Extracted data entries
++++++

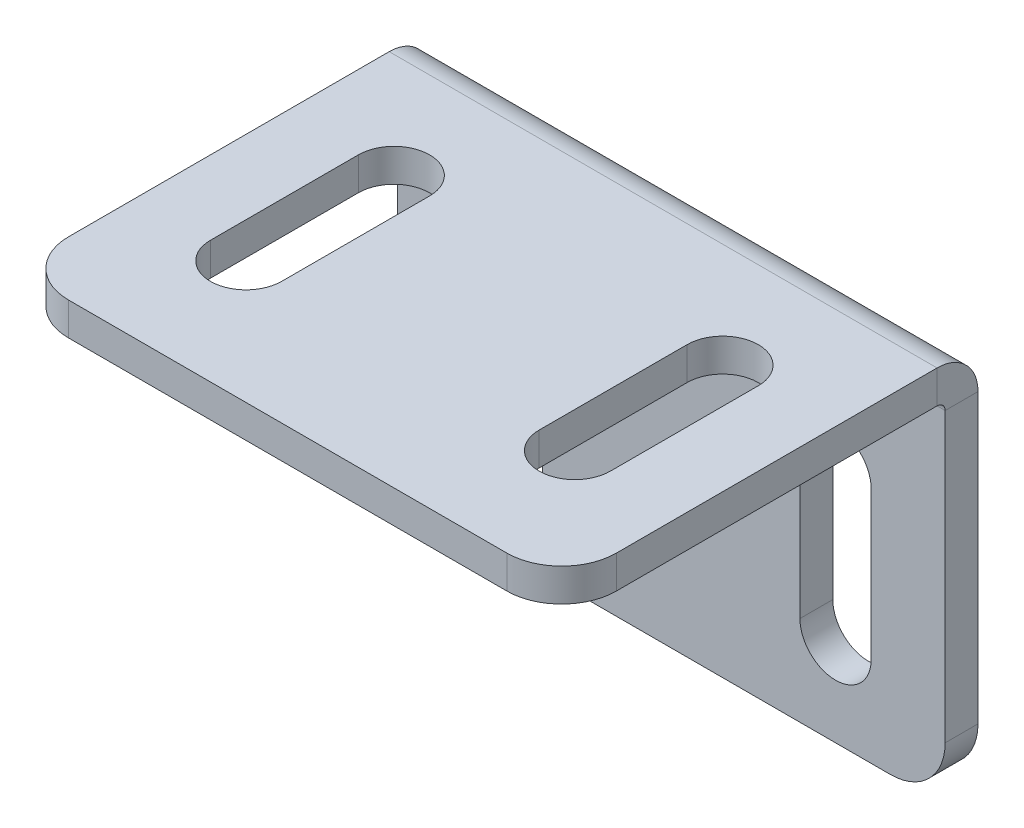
ISO-10303-21;
HEADER;
FILE_DESCRIPTION(('STEP AP214'),'2;1');
FILE_NAME('part.step','',(''),(''),'','','');
FILE_SCHEMA(('AUTOMOTIVE_DESIGN { 1 0 10303 214 1 1 1 1 }'));
ENDSEC;
DATA;
#1=APPLICATION_CONTEXT('core data for automotive mechanical design processes');
#2=APPLICATION_PROTOCOL_DEFINITION('international standard','automotive_design',2000,#1);
#3=PRODUCT_CONTEXT('',#1,'mechanical');
#4=PRODUCT('Part','Part','',(#3));
#5=PRODUCT_RELATED_PRODUCT_CATEGORY('part','',(#4));
#6=PRODUCT_DEFINITION_FORMATION('','',#4);
#7=PRODUCT_DEFINITION_CONTEXT('part definition',#1,'design');
#8=PRODUCT_DEFINITION('design','',#6,#7);
#9=PRODUCT_DEFINITION_SHAPE('','',#8);
#10=(LENGTH_UNIT() NAMED_UNIT(*) SI_UNIT(.MILLI.,.METRE.));
#11=(NAMED_UNIT(*) PLANE_ANGLE_UNIT() SI_UNIT($,.RADIAN.));
#12=(NAMED_UNIT(*) SI_UNIT($,.STERADIAN.) SOLID_ANGLE_UNIT());
#13=UNCERTAINTY_MEASURE_WITH_UNIT(LENGTH_MEASURE(1.E-05),#10,'distance_accuracy_value','');
#14=(GEOMETRIC_REPRESENTATION_CONTEXT(3) GLOBAL_UNCERTAINTY_ASSIGNED_CONTEXT((#13)) GLOBAL_UNIT_ASSIGNED_CONTEXT((#10,
#11,#12)) REPRESENTATION_CONTEXT('',''));
#15=CARTESIAN_POINT('',(0.,0.,0.));
#16=DIRECTION('',(0.,0.,1.));
#17=DIRECTION('',(1.,0.,0.));
#18=AXIS2_PLACEMENT_3D('',#15,#16,#17);
#19=CARTESIAN_POINT('',(0.,0.,3.));
#20=DIRECTION('',(1.,0.,0.));
#21=DIRECTION('',(0.,0.,-1.));
#22=AXIS2_PLACEMENT_3D('',#19,#20,#21);
#23=PLANE('',#22);
#24=DIRECTION('',(0.,-1.,0.));
#25=VECTOR('',#24,1.);
#26=CARTESIAN_POINT('',(0.,0.,0.));
#27=LINE('',#26,#25);
#28=CARTESIAN_POINT('',(0.,31.2634,0.));
#29=VERTEX_POINT('',#28);
#30=CARTESIAN_POINT('',(0.,5.,0.));
#31=VERTEX_POINT('',#30);
#32=EDGE_CURVE('E418',#29,#31,#27,.T.);
#33=ORIENTED_EDGE('',*,*,#32,.T.);
#34=DIRECTION('',(0.,0.,-1.));
#35=VECTOR('',#34,1.);
#36=CARTESIAN_POINT('',(0.,5.,3.));
#37=LINE('',#36,#35);
#38=CARTESIAN_POINT('',(0.,5.,3.));
#39=VERTEX_POINT('',#38);
#40=EDGE_CURVE('E452',#31,#39,#37,.F.);
#41=ORIENTED_EDGE('',*,*,#40,.T.);
#42=DIRECTION('',(0.,-1.,0.));
#43=VECTOR('',#42,1.);
#44=CARTESIAN_POINT('',(0.,0.,3.));
#45=LINE('',#44,#43);
#46=CARTESIAN_POINT('',(0.,31.2634,3.00000000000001));
#47=VERTEX_POINT('',#46);
#48=EDGE_CURVE('E421',#47,#39,#45,.T.);
#49=ORIENTED_EDGE('',*,*,#48,.F.);
#50=DIRECTION('',(0.,0.,-1.));
#51=VECTOR('',#50,1.);
#52=CARTESIAN_POINT('',(0.,31.2634,3.00000000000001));
#53=LINE('',#52,#51);
#54=EDGE_CURVE('E404',#47,#29,#53,.T.);
#55=ORIENTED_EDGE('',*,*,#54,.T.);
#56=EDGE_LOOP('',(#33,#41,#49,#55));
#57=FACE_BOUND('',#56,.T.);
#58=ADVANCED_FACE('F54',(#57),#23,.F.);
#59=CARTESIAN_POINT('',(50.,0.,3.));
#60=DIRECTION('',(-1.,0.,0.));
#61=DIRECTION('',(0.,0.,1.));
#62=AXIS2_PLACEMENT_3D('',#59,#60,#61);
#63=PLANE('',#62);
#64=DIRECTION('',(0.,1.,0.));
#65=VECTOR('',#64,1.);
#66=CARTESIAN_POINT('',(50.,0.,3.));
#67=LINE('',#66,#65);
#68=CARTESIAN_POINT('',(50.,5.,3.));
#69=VERTEX_POINT('',#68);
#70=CARTESIAN_POINT('',(50.,31.2634,3.00000000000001));
#71=VERTEX_POINT('',#70);
#72=EDGE_CURVE('E428',#69,#71,#67,.T.);
#73=ORIENTED_EDGE('',*,*,#72,.F.);
#74=DIRECTION('',(0.,0.,-1.));
#75=VECTOR('',#74,1.);
#76=CARTESIAN_POINT('',(50.,5.,3.));
#77=LINE('',#76,#75);
#78=CARTESIAN_POINT('',(50.,5.,0.));
#79=VERTEX_POINT('',#78);
#80=EDGE_CURVE('E430',#69,#79,#77,.T.);
#81=ORIENTED_EDGE('',*,*,#80,.T.);
#82=DIRECTION('',(0.,1.,0.));
#83=VECTOR('',#82,1.);
#84=CARTESIAN_POINT('',(50.,0.,0.));
#85=LINE('',#84,#83);
#86=CARTESIAN_POINT('',(50.,31.2634,0.));
#87=VERTEX_POINT('',#86);
#88=EDGE_CURVE('E425',#79,#87,#85,.T.);
#89=ORIENTED_EDGE('',*,*,#88,.T.);
#90=DIRECTION('',(0.,0.,-1.));
#91=VECTOR('',#90,1.);
#92=CARTESIAN_POINT('',(50.,31.2634,3.00000000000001));
#93=LINE('',#92,#91);
#94=EDGE_CURVE('E415',#71,#87,#93,.T.);
#95=ORIENTED_EDGE('',*,*,#94,.F.);
#96=EDGE_LOOP('',(#73,#81,#89,#95));
#97=FACE_BOUND('',#96,.T.);
#98=ADVANCED_FACE('F530',(#97),#63,.F.);
#99=CARTESIAN_POINT('',(0.,35.,3.));
#100=DIRECTION('',(0.,0.,-1.));
#101=DIRECTION('',(-1.,0.,0.));
#102=AXIS2_PLACEMENT_3D('',#99,#100,#101);
#103=PLANE('',#102);
#104=DIRECTION('',(0.,1.,0.));
#105=VECTOR('',#104,1.);
#106=CARTESIAN_POINT('',(13.25,8.20000000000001,3.));
#107=LINE('',#106,#105);
#108=CARTESIAN_POINT('',(13.25,8.20000000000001,3.));
#109=VERTEX_POINT('',#108);
#110=CARTESIAN_POINT('',(13.25,21.7,3.));
#111=VERTEX_POINT('',#110);
#112=EDGE_CURVE('E258',#109,#111,#107,.T.);
#113=ORIENTED_EDGE('',*,*,#112,.F.);
#114=CARTESIAN_POINT('',(10.,8.20000000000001,3.));
#115=DIRECTION('',(0.,0.,-1.));
#116=DIRECTION('',(-1.,0.,0.));
#117=AXIS2_PLACEMENT_3D('',#114,#115,#116);
#118=CIRCLE('',#117,3.25);
#119=CARTESIAN_POINT('',(6.75,8.20000000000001,3.));
#120=VERTEX_POINT('',#119);
#121=EDGE_CURVE('E240',#120,#109,#118,.F.);
#122=ORIENTED_EDGE('',*,*,#121,.F.);
#123=DIRECTION('',(0.,-1.,0.));
#124=VECTOR('',#123,1.);
#125=CARTESIAN_POINT('',(6.75,8.20000000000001,3.));
#126=LINE('',#125,#124);
#127=CARTESIAN_POINT('',(6.75,21.7,3.));
#128=VERTEX_POINT('',#127);
#129=EDGE_CURVE('E249',#128,#120,#126,.T.);
#130=ORIENTED_EDGE('',*,*,#129,.F.);
#131=CARTESIAN_POINT('',(10.,21.7,3.));
#132=DIRECTION('',(0.,0.,-1.));
#133=DIRECTION('',(-1.,0.,0.));
#134=AXIS2_PLACEMENT_3D('',#131,#132,#133);
#135=CIRCLE('',#134,3.25);
#136=EDGE_CURVE('E69',#111,#128,#135,.F.);
#137=ORIENTED_EDGE('',*,*,#136,.F.);
#138=EDGE_LOOP('',(#113,#122,#130,#137));
#139=FACE_BOUND('',#138,.T.);
#140=DIRECTION('',(0.,1.,0.));
#141=VECTOR('',#140,1.);
#142=CARTESIAN_POINT('',(43.25,8.2,3.));
#143=LINE('',#142,#141);
#144=CARTESIAN_POINT('',(43.25,8.2,3.));
#145=VERTEX_POINT('',#144);
#146=CARTESIAN_POINT('',(43.25,21.7,3.));
#147=VERTEX_POINT('',#146);
#148=EDGE_CURVE('E276',#145,#147,#143,.T.);
#149=ORIENTED_EDGE('',*,*,#148,.F.);
#150=CARTESIAN_POINT('',(40.,8.2,3.));
#151=DIRECTION('',(0.,0.,-1.));
#152=DIRECTION('',(-1.,0.,0.));
#153=AXIS2_PLACEMENT_3D('',#150,#151,#152);
#154=CIRCLE('',#153,3.25);
#155=CARTESIAN_POINT('',(36.75,8.2,3.));
#156=VERTEX_POINT('',#155);
#157=EDGE_CURVE('E279',#156,#145,#154,.F.);
#158=ORIENTED_EDGE('',*,*,#157,.F.);
#159=DIRECTION('',(0.,-1.,0.));
#160=VECTOR('',#159,1.);
#161=CARTESIAN_POINT('',(36.75,8.2,3.));
#162=LINE('',#161,#160);
#163=CARTESIAN_POINT('',(36.75,21.7,3.));
#164=VERTEX_POINT('',#163);
#165=EDGE_CURVE('E296',#164,#156,#162,.T.);
#166=ORIENTED_EDGE('',*,*,#165,.F.);
#167=CARTESIAN_POINT('',(40.,21.7,3.));
#168=DIRECTION('',(0.,0.,-1.));
#169=DIRECTION('',(-1.,0.,0.));
#170=AXIS2_PLACEMENT_3D('',#167,#168,#169);
#171=CIRCLE('',#170,3.25);
#172=EDGE_CURVE('E252',#147,#164,#171,.F.);
#173=ORIENTED_EDGE('',*,*,#172,.F.);
#174=EDGE_LOOP('',(#149,#158,#166,#173));
#175=FACE_BOUND('',#174,.T.);
#176=DIRECTION('',(1.,0.,0.));
#177=VECTOR('',#176,1.);
#178=CARTESIAN_POINT('',(0.,0.,3.));
#179=LINE('',#178,#177);
#180=CARTESIAN_POINT('',(5.,0.,3.));
#181=VERTEX_POINT('',#180);
#182=CARTESIAN_POINT('',(45.,0.,3.));
#183=VERTEX_POINT('',#182);
#184=EDGE_CURVE('E424',#181,#183,#179,.T.);
#185=ORIENTED_EDGE('',*,*,#184,.T.);
#186=CARTESIAN_POINT('',(45.,5.,3.));
#187=DIRECTION('',(0.,0.,-1.));
#188=DIRECTION('',(-1.,0.,0.));
#189=AXIS2_PLACEMENT_3D('',#186,#187,#188);
#190=CIRCLE('',#189,5.);
#191=EDGE_CURVE('E450',#183,#69,#190,.F.);
#192=ORIENTED_EDGE('',*,*,#191,.T.);
#193=ORIENTED_EDGE('',*,*,#72,.T.);
#194=DIRECTION('',(-1.,0.,0.));
#195=VECTOR('',#194,1.);
#196=CARTESIAN_POINT('',(0.,31.2634,3.00000000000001));
#197=LINE('',#196,#195);
#198=EDGE_CURVE('E410',#47,#71,#197,.F.);
#199=ORIENTED_EDGE('',*,*,#198,.F.);
#200=ORIENTED_EDGE('',*,*,#48,.T.);
#201=CARTESIAN_POINT('',(5.,5.,3.));
#202=DIRECTION('',(0.,0.,-1.));
#203=DIRECTION('',(-1.,0.,0.));
#204=AXIS2_PLACEMENT_3D('',#201,#202,#203);
#205=CIRCLE('',#204,5.);
#206=EDGE_CURVE('E448',#39,#181,#205,.F.);
#207=ORIENTED_EDGE('',*,*,#206,.T.);
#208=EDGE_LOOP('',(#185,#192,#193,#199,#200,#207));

++++++

* _Task requirements_
From the records above, copy only the lines starting with the line that holds "#192=ORIENTED_EDGE('',*,*,#191,.T.);" and going on through the line that holds "#198=EDGE_CURVE('E410',#47,#71,#197,.F.);", exactly as written.

* _Result below_
#192=ORIENTED_EDGE('',*,*,#191,.T.);
#193=ORIENTED_EDGE('',*,*,#72,.T.);
#194=DIRECTION('',(-1.,0.,0.));
#195=VECTOR('',#194,1.);
#196=CARTESIAN_POINT('',(0.,31.2634,3.00000000000001));
#197=LINE('',#196,#195);
#198=EDGE_CURVE('E410',#47,#71,#197,.F.);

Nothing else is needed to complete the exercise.